# Uber is not a career



## Zoro (Jun 24, 2015)

I sympathize with those who opted to "strike" on Wednesday. Yes, everyone deserves a living wage. However, in my humble opinion, Uber was never meant to be a pathway to a career. As an uber driver with 2500 rides I've never considered myself on a career. It was simply a way to make a few extra bucks with little
muss or fuss to do it. Virtually, all I had to do was get into the car and drive; no skill involved. Granted, when I started doing this almost 4 years ago it was a lot easier to make 200.00 bucks on a Saturday afternoon than it is now. And yes, Uber has taken a greater share of the money.

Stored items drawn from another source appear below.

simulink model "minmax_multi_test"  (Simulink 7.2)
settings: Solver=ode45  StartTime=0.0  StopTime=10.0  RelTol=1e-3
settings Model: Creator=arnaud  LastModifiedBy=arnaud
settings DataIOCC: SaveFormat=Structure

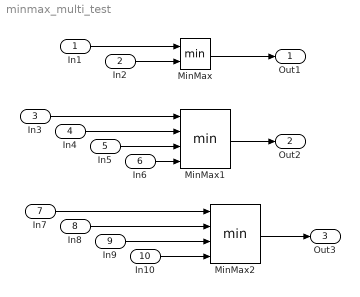
== system minmax_multi_test ==
  In1 : Inport  PortDimensions=1  OutDataType=sfix(16)  OutScaling=2^0
  In2 : Inport  Port=2  PortDimensions=5  OutDataType=sfix(16)  OutScaling=2^0
  In3 : Inport  Port=3  PortDimensions=1  OutDataType=sfix(16)  OutScaling=2^0
  In4 : Inport  Port=4  PortDimensions=3  OutDataType=sfix(16)  OutScaling=2^0
  In5 : Inport  Port=5  PortDimensions=3  OutDataType=sfix(16)  OutScaling=2^0
  In6 : Inport  Port=6  PortDimensions=3  OutDataType=sfix(16)  OutScaling=2^0
  In7 : Inport  Port=7  PortDimensions=1  OutDataType=sfix(16)  OutScaling=2^0
  In8 : Inport  Port=8  PortDimensions=1  OutDataType=sfix(16)  OutScaling=2^0
  In9 : Inport  Port=9  PortDimensions=[2 3]  OutDataType=sfix(16)  OutScaling=2^0
  In10 : Inport  Port=10  PortDimensions=[2 3]  OutDataType=sfix(16)  OutScaling=2^0
  MinMax : MinMax  Inputs=2  OutDataType=sfix(16)  OutScaling=2^0
  MinMax1 : MinMax  Inputs=4  OutDataType=sfix(16)  OutScaling=2^0
  MinMax2 : MinMax  Inputs=4  OutDataType=sfix(16)  OutScaling=2^0
  Out1 : Outport  OutDataType=sfix(16)  OutScaling=2^0
  Out2 : Outport  Port=2  OutDataType=sfix(16)  OutScaling=2^0
  Out3 : Outport  Port=3  OutDataType=sfix(16)  OutScaling=2^0
  wires:
  MinMax/1 -> Out1/1
  In1/1 -> MinMax/1
  In2/1 -> MinMax/2
  MinMax1/1 -> Out2/1
  In3/1 -> MinMax1/1
  In4/1 -> MinMax1/2
  In5/1 -> MinMax1/3
  In6/1 -> MinMax1/4
  MinMax2/1 -> Out3/1
  In7/1 -> MinMax2/1
  In8/1 -> MinMax2/2
  In9/1 -> MinMax2/3
  In10/1 -> MinMax2/4

But all of the problems can't be laid at the feet of Uber; the drivers are equally as responsible for the diminished profit. 

Continually you hear uber drivers complain about being used. Well, when you allow yourself to be used then believe me, you will be. Take for instance that $500.00 uber waves in your face to make referrals and recommend new drivers. That, my friend, is a one time payout but the effects are long lasting. The more people you bring in the less you make over a longer period of time. You, under your own accord, have diminished your yearly take. How ridiculous is it to me sitting on Market Street in Philadelphia at 5:30 in the afternoon and have to wait for a half hour or more to get a request. That's because, when you look at the passenger app there's 15 additional cars sitting and waiting for the same client. I did this last night and finally gave up. If you allow yourself to be treated in a diminished manner, you will. Also, how serious will anyone potential client take you based on the condition of the vehicle your driving and the cleanliness of the inside of the vehicle and the driver him or herself. At times when I've been in the share lot at the airport I can get a cross section of the drivers in Philadelphia. For at least half of them, I personally would not accept a ride from them. The cars are deplorable. 

If you can't make enough money driving for uber, quit, It's that simple. But if you think by pulling a half hearted job action where only 200 people are going to show up, think again. Uber knows, and human nature dictates that even though some of you engaged in a work stopage, 3/4 of uber's drivers were out there banging away. Uber's got you. Their IPO will go off as planned and all the major shareholders will make a bundle. If you want to do yourself a favor, stop referring your friends. That in and of itself will help to increase the profit margin. But don't bother with a work stopage.


----------



## Drizzle (Jan 1, 2018)

Apparently uber is not even a job and they are not required to pay minimum wage. So insted of using uber drive yourself. The company shouldnt exist, there are laws in place to protect people from people trying to get rich exploiting bad labor laws and human labor. If its not a job, not a carreer and pays less than minimum wage what is it? Slave labor.


----------



## BigRedDriver (Nov 28, 2018)

Thank you soooooooo much for posting a thread like this. 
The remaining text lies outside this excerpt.